- [Task goal]
Starting at the line that contains "ypos : Inport", set down each line exactly until the records end, keeping both ends and adding nothing.

(Data records)
============================================================

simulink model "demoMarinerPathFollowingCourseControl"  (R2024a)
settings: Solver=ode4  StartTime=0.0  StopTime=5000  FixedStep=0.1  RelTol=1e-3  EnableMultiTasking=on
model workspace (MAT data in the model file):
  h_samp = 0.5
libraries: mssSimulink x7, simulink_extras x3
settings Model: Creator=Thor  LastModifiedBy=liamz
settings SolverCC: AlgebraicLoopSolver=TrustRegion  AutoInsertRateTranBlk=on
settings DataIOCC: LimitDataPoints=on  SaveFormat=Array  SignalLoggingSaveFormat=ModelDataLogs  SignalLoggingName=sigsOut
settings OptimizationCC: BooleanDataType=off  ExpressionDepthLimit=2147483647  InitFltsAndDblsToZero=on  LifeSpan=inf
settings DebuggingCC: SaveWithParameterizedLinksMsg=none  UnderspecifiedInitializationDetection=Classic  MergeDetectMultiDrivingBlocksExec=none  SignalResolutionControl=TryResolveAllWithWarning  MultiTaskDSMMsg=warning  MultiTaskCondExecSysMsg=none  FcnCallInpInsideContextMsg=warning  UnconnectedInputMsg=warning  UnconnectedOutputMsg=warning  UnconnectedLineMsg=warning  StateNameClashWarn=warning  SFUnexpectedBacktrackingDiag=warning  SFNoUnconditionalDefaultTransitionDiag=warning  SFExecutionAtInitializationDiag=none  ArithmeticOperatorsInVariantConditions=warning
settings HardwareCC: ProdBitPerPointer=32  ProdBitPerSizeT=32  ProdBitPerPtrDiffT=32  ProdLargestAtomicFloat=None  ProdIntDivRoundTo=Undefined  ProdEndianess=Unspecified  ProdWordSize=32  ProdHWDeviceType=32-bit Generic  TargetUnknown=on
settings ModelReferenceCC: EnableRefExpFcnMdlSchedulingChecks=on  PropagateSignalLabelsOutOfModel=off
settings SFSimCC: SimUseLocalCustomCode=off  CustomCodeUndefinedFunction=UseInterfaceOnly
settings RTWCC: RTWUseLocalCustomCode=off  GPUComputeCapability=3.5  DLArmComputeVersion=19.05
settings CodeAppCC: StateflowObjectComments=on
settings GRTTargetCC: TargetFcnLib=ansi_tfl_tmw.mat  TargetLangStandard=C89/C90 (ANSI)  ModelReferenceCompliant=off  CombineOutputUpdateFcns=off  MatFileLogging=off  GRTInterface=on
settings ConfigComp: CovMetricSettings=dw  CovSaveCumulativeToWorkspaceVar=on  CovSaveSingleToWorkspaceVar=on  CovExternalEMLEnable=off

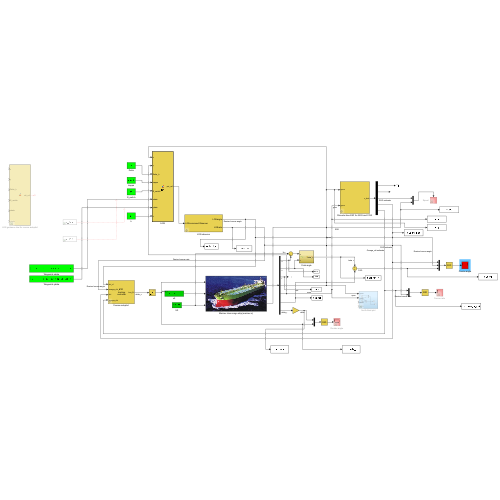
[thumbnail: Simulink's stored preview of the top-level diagram]
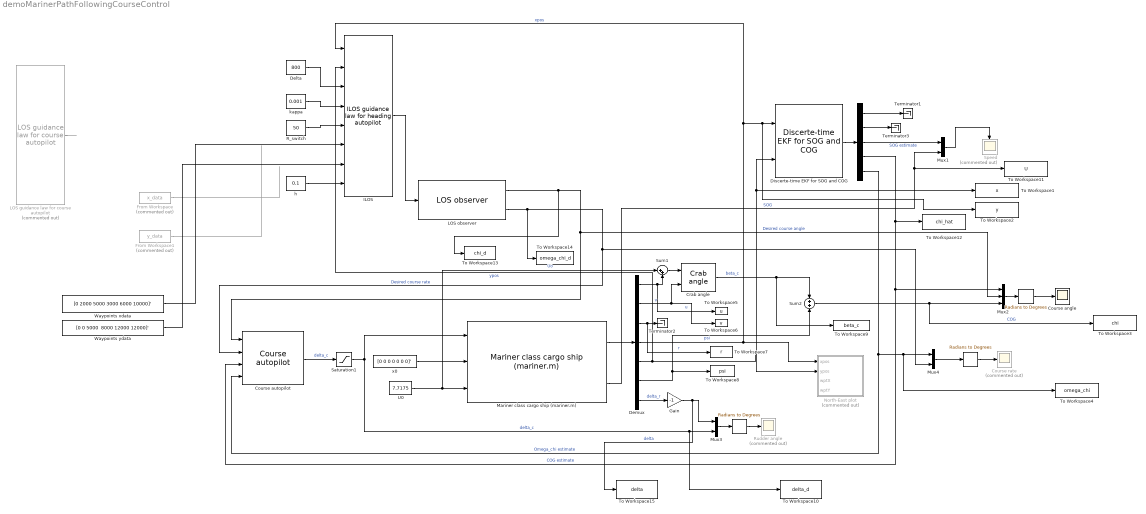
== system demoMarinerPathFollowingCourseControl ==
  "  " : simulink_extras/Transformations/Radians to Degrees
  "      " : simulink_extras/Transformations/Radians to Degrees
  "           " : simulink_extras/Transformations/Radians to Degrees
  "            " : Demux  Outputs=5
  Course angle : Scope
  "Course autopilot " : mssSimulink/Control/Autopilots/Course autopilot   T_nomoto=107.3  K_nomoto=0.185  Kp=1.45*0.9  Td=36  Ti=200
  "Course rate " : Scope  Commented=on
  Crab angle : mssSimulink/Modelling/Kinematics/Crab angle  SystemSampleTime=-1  VariantActivationTime=update diagram  AllowFlexibleInterface=on  Latency=0  AutoFrameSizeCalculation=off
  Delta : Constant  Value=800
  Demux : Demux  Outputs=7
  Discerte-time EKF for SOG and COG : mssSimulink/Navigation/Estimators/Discerte-time EKF for SOG and COG  alpha_1=0.00001  alpha_2=0.00001  Qd=100*diag([0.1,0.1])  Rd=0.1*diag([1 1])  h_samp=0.1
  From Workspace : FromWorkspace  Commented=on  VariableName=x_data
  From Workspace1 : FromWorkspace  Commented=on  VariableName=y_data
  Gain : Gain  Gain=-1
  ILOS : mssSimulink/Guidance/ILOS guidance law for heading autopilot  SystemSampleTime=-1  VariantActivationTime=update diagram  AllowFlexibleInterface=on  Latency=0  AutoFrameSizeCalculation=off
  LOS guidance law for course autopilot : mssSimulink/Guidance/LOS guidance law for course autopilot  Commented=on  SystemSampleTime=-1  VariantActivationTime=update diagram  AllowFlexibleInterface=on  Latency=0  AutoFrameSizeCalculation=off
  LOS observer : mssSimulink/Guidance/LOS observer  K_f=0.4  alpha=5
  Mariner class cargo ship (mariner.m) : mssSimulink/Marine craft models/Mariner class cargo ship (mariner.m)  SystemSampleTime=-1  VariantActivationTime=update diagram  AllowFlexibleInterface=on  Latency=0  AutoFrameSizeCalculation=off
  Mux1 : Mux  Inputs=2
  Mux2 : Mux  Inputs=3
  Mux3 : Mux  Inputs=2
  Mux4 : Mux  Inputs=2
  North-East plot : Subsystem  Commented=on  AncestorBlock=mssSimulink/Utilities/Visualization/North-East plot  StopFcn=|
      | x = xyplot.Data(:,1);
      | y = xyplot.Data(:,2);
      | wptX = waypoints(:,1);
      | wptY = waypoints(:,2);
      | figure(gcf);
      | plot(y,x,'b','linewidth',2);
      | hold on;
      | plot(wptY,wptX,'o','MarkerSize',15,'MarkerEdgeColor','k','MarkerFaceColor','c');
      | hold off;
      | xlabel('East (m)', 'FontSize', 14);
      | ylabel('North (m)', 'FontSize', 14);
      | title('North-East Positions (m)', 'FontSize', 14);
      | axis('equal');
      | grid;
  R_switch : Constant  Value=50
  Rudder angle : Scope  Commented=on
  Saturation1 : Saturate  UpperLimit=40*pi/180  LowerLimit=-40*pi/180
  Speed : Scope  Commented=on
  Sum1 : Sum  Inputs=|++
  Sum2 : Sum  Inputs=+|+
  Terminator1 : Terminator
  Terminator2 : Terminator
  Terminator3 : Terminator
  To Workspace1 : ToWorkspace  VariableName=x  SampleTime=-1
  To Workspace10 : ToWorkspace  VariableName=delta_d  SampleTime=-1
  To Workspace11 : ToWorkspace  VariableName=U  SampleTime=-1
  To Workspace12 : ToWorkspace  VariableName=chi_hat  SampleTime=-1
  To Workspace13 : ToWorkspace  VariableName=chi_d  SampleTime=-1
  To Workspace14 : ToWorkspace  VariableName=omega_chi_d  SampleTime=-1
  To Workspace15 : ToWorkspace  VariableName=delta  SampleTime=-1
  To Workspace2 : ToWorkspace  VariableName=y  SampleTime=-1
  To Workspace3 : ToWorkspace  VariableName=chi  SampleTime=-1
  To Workspace4 : ToWorkspace  VariableName=omega_chi  SampleTime=-1
  To Workspace5 : ToWorkspace  VariableName=u  SampleTime=-1
  To Workspace6 : ToWorkspace  VariableName=v  SampleTime=-1
  To Workspace7 : ToWorkspace  VariableName=r  SampleTime=-1
  To Workspace8 : ToWorkspace  VariableName=psi  SampleTime=-1
  To Workspace9 : ToWorkspace  VariableName=beta_c  SampleTime=-1
  U0 : Constant  Value=7.7175
  Waypoints xdata : Constant  Value=[0 2000 5000 3000 6000 10000]'
  Waypoints ydata : Constant  Value="[0 0 5000  8000 12000 12000]'"
  h : Constant  Value=0.1
  kappa : Constant  Value=0.001
  x0 : Constant  Value=[0 0 0 0 0 0 0]'
  wires:
  "  "/1 -> "Course rate "/1
  "Course autopilot "/1 -> Saturation1/1  "delta_c"
  LOS observer/1 -> To Workspace13/1, "Course autopilot "/1, Mux2/2  "Desired course angle"
  Demux/6 -> Sum2/2, To Workspace8/1  "psi"
  Mariner class cargo ship (mariner.m)/1 -> Demux/1
  U0/1 -> Sum1/1, Mariner class cargo ship (mariner.m)/3  "Uo"
  x0/1 -> Mariner class cargo ship (mariner.m)/2
  Demux/7 -> Gain/1  "delta_r"
  Demux/5 -> To Workspace1/1, Discerte-time EKF for SOG and COG/2, North-East plot/2(ypos), ILOS/2  "ypos"
  "           "/1 -> Course angle/1
  "            "/3 -> Mux1/1  "SOG estimate"
  Mux1/1 -> Speed/1
  Mux2/1 -> "           "/1
  Sum2/1 -> To Workspace3/1, Mux2/3  "COG"
  Mux4/1 -> "  "/1
  Mariner class cargo ship (mariner.m)/2 -> To Workspace11/1, Mux1/2  "SOG"
  R_switch/1 -> ILOS/5
  From Workspace/1 -> ?
  Delta/1 -> ILOS/3
  From Workspace1/1 -> ?
  "            "/1 -> Terminator1/1
  "            "/2 -> Terminator3/1
  Saturation1/1 -> To Workspace10/1, Mux3/2, Mariner class cargo ship (mariner.m)/1  "delta_c"
  LOS guidance law for course autopilot/1 -> ?
  Mux3/1 -> "      "/1
  "            "/5 -> "Course autopilot "/4, To Workspace4/1, Mux4/1  "Omega_chi estimate"
  "            "/4 -> To Workspace12/1, "Course autopilot "/3, Mux2/1  "COG estimate"
  LOS observer/2 -> To Workspace14/1, "Course autopilot "/2, Mux4/2  "Desired course rate"
  Crab angle/1 -> To Workspace9/1, Sum2/1  "beta_c"
  Demux/3 -> To Workspace7/1, Terminator2/1  "r"
  "      "/1 -> Rudder angle/1
  Discerte-time EKF for SOG and COG/1 -> "            "/1
  Demux/4 -> North-East plot/1(xpos), ILOS/1, To Workspace2/1, Discerte-time EKF for SOG and COG/1  "xpos"
  Gain/1 -> To Workspace15/1, Mux3/1  "delta"
  Demux/2 -> To Workspace6/1, Crab angle/2  "v"
  Demux/1 -> To Workspace5/1, Sum1/2  "u"
  Sum1/1 -> Crab angle/1
  h/1 -> ILOS/8
  kappa/1 -> ILOS/4
  ILOS/1 -> LOS observer/1
  Waypoints xdata/1 -> ILOS/6
  Waypoints ydata/1 -> ILOS/7

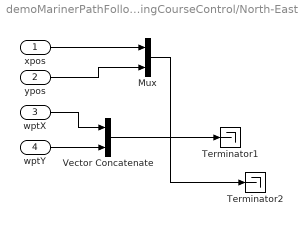
== system demoMarinerPathFollowingCourseControl/North-East plot ==
  xpos : Inport
  ypos : Inport  Port=2
  wptX : Inport  Port=3
  wptY : Inport  Port=4
  Mux : Mux  Inputs=2
  Terminator1 : Terminator
  Terminator2 : Terminator
  Vector Concatenate : Concatenate  Mode=Multidimensional array  ConcatenateDimension=2
  wires:
  wptY/1 -> Vector Concatenate/2
  wptX/1 -> Vector Concatenate/1
  xpos/1 -> Mux/1
  ypos/1 -> Mux/2
  Mux/1 -> Terminator2/1
  Vector Concatenate/1 -> Terminator1/1

============================================================

- [Output of the task]
  ypos : Inport  Port=2
  wptX : Inport  Port=3
  wptY : Inport  Port=4
  Mux : Mux  Inputs=2
  Terminator1 : Terminator
  Terminator2 : Terminator
  Vector Concatenate : Concatenate  Mode=Multidimensional array  ConcatenateDimension=2
  wires:
  wptY/1 -> Vector Concatenate/2
  wptX/1 -> Vector Concatenate/1
  xpos/1 -> Mux/1
  ypos/1 -> Mux/2
  Mux/1 -> Terminator2/1
  Vector Concatenate/1 -> Terminator1/1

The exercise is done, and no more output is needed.